**WHAT IS BEING ASKED**
For the entries that follow, restate word for word the line containing "v_n : Inport", the line containing "Value=[0; 0; 1]", and every line that lies between them.

**RECORDS TO PROCESS**

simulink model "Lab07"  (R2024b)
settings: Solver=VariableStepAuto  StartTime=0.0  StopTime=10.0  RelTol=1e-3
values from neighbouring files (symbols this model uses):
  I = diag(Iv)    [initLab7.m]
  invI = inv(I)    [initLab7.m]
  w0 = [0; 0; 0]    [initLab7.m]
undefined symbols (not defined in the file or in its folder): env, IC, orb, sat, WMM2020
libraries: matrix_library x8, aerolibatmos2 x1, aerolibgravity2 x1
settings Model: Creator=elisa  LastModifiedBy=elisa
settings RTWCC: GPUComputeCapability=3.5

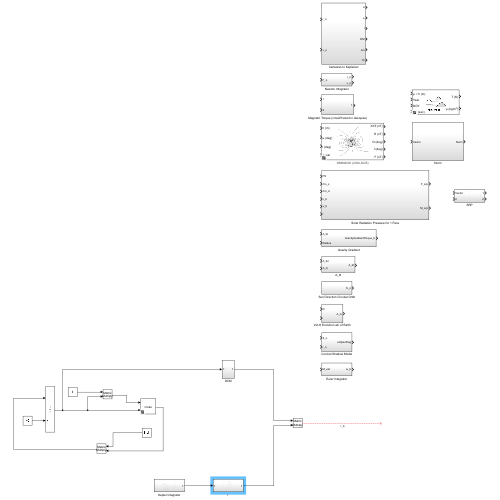
[thumbnail: Simulink's stored preview of the top-level diagram]
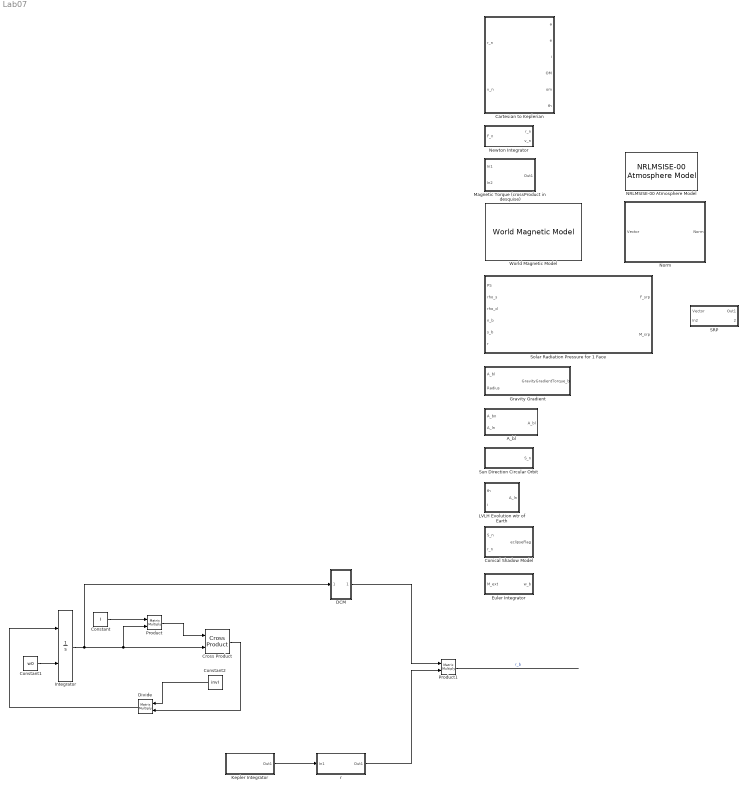
== system Lab07 ==
  A_bl : Subsystem
  Cartesian to Keplerian : Subsystem
  Conical Shadow Model : Subsystem
  Constant : Constant  Value=I
  Constant1 : Constant  Value=w0  VectorParams1D=off
  Constant2 : Constant  Value=invI
  Cross Product : matrix_library/Cross Product
  DCM : Subsystem
  Divide : Product  Inputs=**  Multiplication=Matrix(*)
  Euler Integrator : Subsystem
  Gravity Gradient : Subsystem
  Integrator : Integrator  InitialConditionSource=external
  Kepler Integrator : Subsystem
  LVLH Evolution wtr of Earth : Subsystem
  Magnetic Torque (crossProduct in desquise) : Subsystem
  NRLMSISE-00 Atmosphere Model : aerolibatmos2/NRLMSISE-00 Atmosphere Model  units=Metric (MKS)  lst_input=off  flux_ap_input=off  flags_input=Internal  flags=ones(1,23)  oxygen_in=off  action=Warning
  Newton Integrator : Subsystem
  Norm : Subsystem
  Product : Product  Multiplication=Matrix(*)
  Product1 : Product  Multiplication=Matrix(*)
  SRP : Subsystem
  Solar Radiation Pressure for 1 Face : Subsystem
  Sun Direction Circular Orbit : Subsystem
  World Magnetic Model : aerolibgravity2/World Magnetic Model  model=WMM2020 (2020-2025)  customFile='WMM2020.COF'  units=Metric (MKS)  time_in=on  month=January  day=1  year=2020  action=Error  h_out=on  dec_out=on  inc_out=on  ti_out=on
  r : Subsystem
  wires:
  Kepler Integrator/1(Out1) -> r/1(In1)
  Divide/1 -> Integrator/1
  Constant2/1 -> Divide/1
  Integrator/1 -> DCM/1(In1), Product/2, Cross Product/2
  Product/1 -> Cross Product/1
  Cross Product/1 -> Divide/2
  Constant1/1 -> Integrator/2
  Constant/1 -> Product/1
  DCM/1(Out1) -> Product1/1
  r/1(Out1) -> Product1/2
  Product1/1 -> ?  "r_b"

== system Lab07/A_bl ==
  A_bn : Inport
  A_ln : Inport  Port=2
  Matrix Multiply : Product  Multiplication=Matrix(*)
  Transpose : Math  Operator=transpose
  A_bl : Outport
  wires:
  Transpose/1 -> Matrix Multiply/2
  A_ln/1 -> Transpose/1
  Matrix Multiply/1 -> A_bl/1
  A_bn/1 -> Matrix Multiply/1

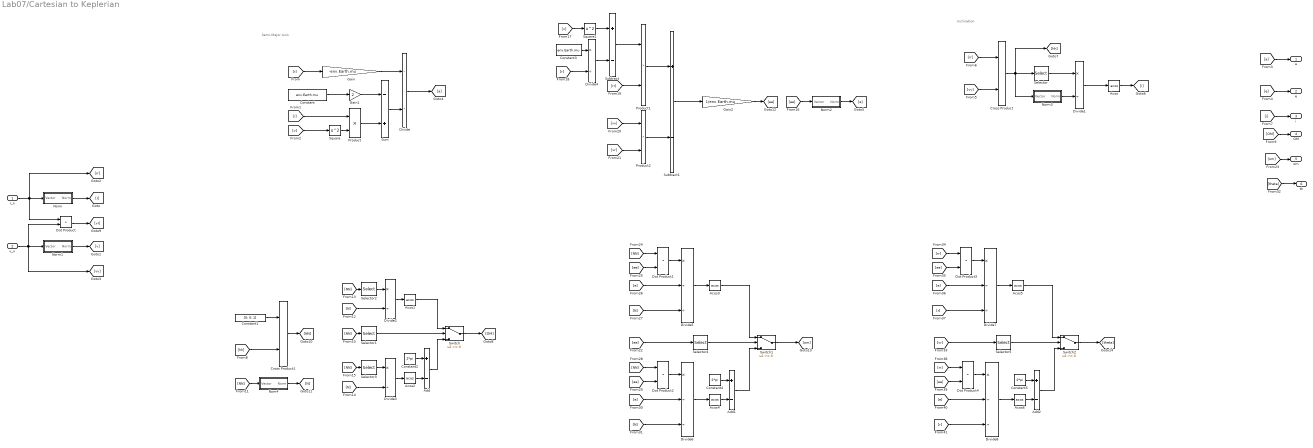
== system Lab07/Cartesian to Keplerian ==
  note: Semi-Major Axis
  note: Inclination
  r_n : Inport
  v_n : Inport  Port=2
  Acos{,1..6} (7 alike) : Trigonometry  Operator=acos
  Add : Sum  Inputs=+-
  Add1 : Sum  Inputs=+-
  Add2 : Sum  Inputs=+-
  Constant : Constant  Value=env.Earth.mu
  Constant1 : Constant  Value=[0; 0; 1]
  Constant2 : Constant  Value=2*pi
  Constant3 : Constant  Value=env.Earth.mu
  Constant4 : Constant  Value=2*pi
  Constant5 : Constant  Value=2*pi
  Cross Product : matrix_library/Cross Product
  Cross Product1 : matrix_library/Cross Product
  Divide{,1..4} (5 alike) : Product  Inputs=*/
  Divide{5..8} (4 alike) : Product  Inputs=*//
  Dot Product{,1..4} (5 alike) : DotProduct  OutDataTypeStr=Inherit: Inherit via internal rule
  Gain : Gain  Gain=-env.Earth.mu
  Gain1 : Gain  Gain=2
  Gain2 : Gain  Gain=1/env.Earth.mu
  Nom4 : Subsystem
  Norm : Subsystem
  Norm1 : Subsystem
  Norm2 : Subsystem
  Norm3 : Subsystem
  Product : Product
  Product1 : Product
  Product2 : Product
  Selector : Selector  InputPortWidth=3  IndexOptions=Index vector (dialog)  Indices=[3]  OutputSizes=1
  Selector1 : Selector  InputPortWidth=3  IndexOptions=Index vector (dialog)  Indices=[2]  OutputSizes=1
  Selector2 : Selector  InputPortWidth=3  IndexOptions=Index vector (dialog)  Indices=[1]  OutputSizes=1
  Selector3 : Selector  InputPortWidth=3  IndexOptions=Index vector (dialog)  Indices=[1]  OutputSizes=1
  Selector4 : Selector  InputPortWidth=3  IndexOptions=Index vector (dialog)  Indices=3  OutputSizes=1
  Selector5 : Selector  InputPortWidth=3  IndexOptions=Index vector (dialog)  Indices=3  OutputSizes=1
  Square : Math  Operator=square
  Square1 : Math  Operator=square
  Subtract : Sum  Inputs=+-
  Subtract1 : Sum  Inputs=+-
  Sum : Sum  Inputs=-+
  Switch : Switch  SaturateOnIntegerOverflow=off  InputSameDT=off
  Switch1 : Switch  SaturateOnIntegerOverflow=off  InputSameDT=off
  Switch2 : Switch  SaturateOnIntegerOverflow=off  InputSameDT=off
  a : Outport
  e : Outport  Port=2
  i : Outport  Port=3
  OM : Outport  Port=4
  om : Outport  Port=5
  th : Outport  Port=6
  wires:
  r_n/1 -> Dot Product/1, [rr], Norm/1(Vector)
  v_n/1 -> Dot Product/2, [vv], Norm1/1(Vector)
  Norm/1(Norm) -> [r]
  Norm1/1(Norm) -> [v]
  Gain/1 -> Divide/1
  [r] -> Gain/1
  Sum/1 -> Divide/2
  Constant/1 -> Gain1/1
  Gain1/1 -> Sum/1
  Product/1 -> Sum/2
  [r] -> Product/1
  Square/1 -> Product/2
  [v] -> Square/1
  Divide/1 -> [a]
  [a] -> a/1
  Norm2/1(Norm) -> [e]
  [e] -> e/1
  [vv] -> Cross Product/2
  [rr] -> Cross Product/1
  Cross Product/1 -> [hh], Norm3/1(Vector), Selector/1
  Selector/1 -> Divide1/1
  Norm3/1(Norm) -> Divide1/2
  Divide1/1 -> Acos/1
  Acos/1 -> [i]
  [i] -> i/1
  [hh] -> Cross Product1/2
  Constant1/1 -> Cross Product1/1
  Selector1/1 -> Switch/2
  [OM] -> OM/1
  Switch/1 -> [OM]
  Dot Product/1 -> [vr]
  Cross Product1/1 -> [NN]
  [NN] -> Selector1/1
  [NN] -> Nom4/1(Vector)
  Nom4/1(Norm) -> [N]
  [NN] -> Selector2/1
  [N] -> Divide2/2
  Selector2/1 -> Divide2/1
  Acos1/1 -> Switch/1
  Selector3/1 -> Divide3/1
  [NN] -> Selector3/1
  [N] -> Divide3/2
  Divide3/1 -> Acos2/1
  Divide2/1 -> Acos1/1
  Acos2/1 -> Add/2
  Constant2/1 -> Add/1
  Add/1 -> Switch/3
  [ee] -> Norm2/1(Vector)
  Gain2/1 -> [ee]
  [v] -> Square1/1
  Constant3/1 -> Divide4/1
  [r] -> Divide4/2
  Divide4/1 -> Subtract/2
  Square1/1 -> Subtract/1
  Subtract/1 -> Product1/1
  [rr] -> Product1/2
  Product1/1 -> Subtract1/1
  Product2/1 -> Subtract1/2
  [vv] -> Product2/1
  [vr] -> Product2/2
  Subtract1/1 -> Gain2/1
  Selector4/1 -> Switch1/2
  [ee] -> Selector4/1
  Switch1/1 -> [om]
  [om] -> om/1
  [NN] -> Dot Product1/1
  [ee] -> Dot Product1/2
  Dot Product1/1 -> Divide5/1
  [e] -> Divide5/2
  [N] -> Divide5/3
  Divide5/1 -> Acos3/1
  Acos3/1 -> Switch1/1
  [ee] -> Dot Product2/2
  Divide6/1 -> Acos4/1
  Dot Product2/1 -> Divide6/1
  [NN] -> Dot Product2/1
  [N] -> Divide6/3
  [e] -> Divide6/2
  Constant4/1 -> Add1/1
  Acos4/1 -> Add1/2
  Add1/1 -> Switch1/3
  [vr] -> Selector5/1
  Switch2/1 -> [theta]
  Selector5/1 -> Switch2/2
  [theta] -> th/1
  [ee] -> Dot Product3/2
  Divide7/1 -> Acos5/1
  Dot Product3/1 -> Divide7/1
  [rr] -> Dot Product3/1
  [r] -> Divide7/3
  Acos5/1 -> Switch2/1
  [e] -> Divide7/2
  Add2/1 -> Switch2/3
  [rr] -> Dot Product4/1
  [r] -> Divide8/3
  Dot Product4/1 -> Divide8/1
  [e] -> Divide8/2
  Acos6/1 -> Add2/2
  Constant5/1 -> Add2/1
  Divide8/1 -> Acos6/1
  [ee] -> Dot Product4/2

== system Lab07/Conical Shadow Model ==
  note: Output Interface
  note: Input Interface
  note: Model is cylindrical shadow, formula was taken by Crassidis
  S_n : Inport
  r_n : Inport  Port=2
  Dot Product : DotProduct  OutDataTypeStr=Inherit: Inherit via internal rule
  Earth's Radius : Constant  Value=env.Earth.R
  Eclipse (1) : Subsystem  TreatAsAtomicUnit=on
  Gain : Gain  Gain=-1
  If : If  NumInputs=2  IfExpression=u1 < u2
  Merge : Merge
  Norm : Subsystem
  NotEclipse (0) : Subsystem  TreatAsAtomicUnit=on
  Sqrt : Sqrt
  Square : Math  Operator=square
  Square1 : Math  Operator=square
  Subtract : Sum  Inputs=+-
  eclipseFlag : Outport
  wires:
  r_n/1 -> Dot Product/2, Norm/1(Vector)  "r_n"
  S_n/1 -> Dot Product/1  "S_n"
  Norm/1(Norm) -> Square1/1  "norm_r"
  If/1 -> Eclipse (1)/Action
  If/2 -> NotEclipse (0)/Action
  Merge/1 -> eclipseFlag/1
  Eclipse (1)/1(One) -> Merge/1
  NotEclipse (0)/1(Zero) -> Merge/2
  Dot Product/1 -> If/1
  Gain/1 -> If/2
  Sqrt/1 -> Gain/1
  Subtract/1 -> Sqrt/1
  Square/1 -> Subtract/2
  Square1/1 -> Subtract/1
  Earth's Radius/1 -> Square/1  "earth_R"

== system Lab07/DCM ==
  In1 : Inport
  A312 : Subsystem
  Constant3 : Constant  Value=IC.angles
  Gain : Gain  Gain=-1
  Integrator1 : Integrator  InitialConditionSource=external
  Product1 : Product  Multiplication=Matrix(*)
  Subsystem : Subsystem
  Subsystem1 : Subsystem
  Subsystem2 : Subsystem
  w^ : Subsystem
  Out1 : Outport
  wires:
  w^/1(Out1) -> Gain/1
  Gain/1 -> Product1/1
  In1/1 -> w^/1(In1)
  Product1/1 -> Integrator1/1
  Constant3/1 -> A312/1(In1)
  Integrator1/1 -> Subsystem/1(In1)
  Subsystem/1(Out1) -> Subsystem1/1(In1)
  A312/1(Out1) -> Integrator1/2
  Subsystem1/1(Out1) -> Subsystem2/1(In1)
  Subsystem2/1(Out1) -> Product1/2, Out1/1

== system Lab07/Euler Integrator ==
  M_ext : Inport
  Constant : Constant  Value=I
  Constant1 : Constant  Value=w0  VectorParams1D=off
  Constant2 : Constant  Value=invI
  Cross Product : matrix_library/Cross Product
  Divide : Product  Inputs=**  Multiplication=Matrix(*)
  Integrator : Integrator  InitialConditionSource=external
  Product : Product  Multiplication=Matrix(*)
  Sum : Sum  Inputs=|++
  w_b : Outport
  wires:
  Product/1 -> Cross Product/1
  Divide/1 -> Integrator/1
  Constant/1 -> Product/1
  Constant2/1 -> Divide/1
  Integrator/1 -> Product/2, Cross Product/2, w_b/1
  Constant1/1 -> Integrator/2
  Cross Product/1 -> Sum/1
  Sum/1 -> Divide/2
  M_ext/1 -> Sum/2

**WRITTEN SOLUTION**
  v_n : Inport  Port=2
  Acos{,1..6} (7 alike) : Trigonometry  Operator=acos
  Add : Sum  Inputs=+-
  Add1 : Sum  Inputs=+-
  Add2 : Sum  Inputs=+-
  Constant : Constant  Value=env.Earth.mu
  Constant1 : Constant  Value=[0; 0; 1]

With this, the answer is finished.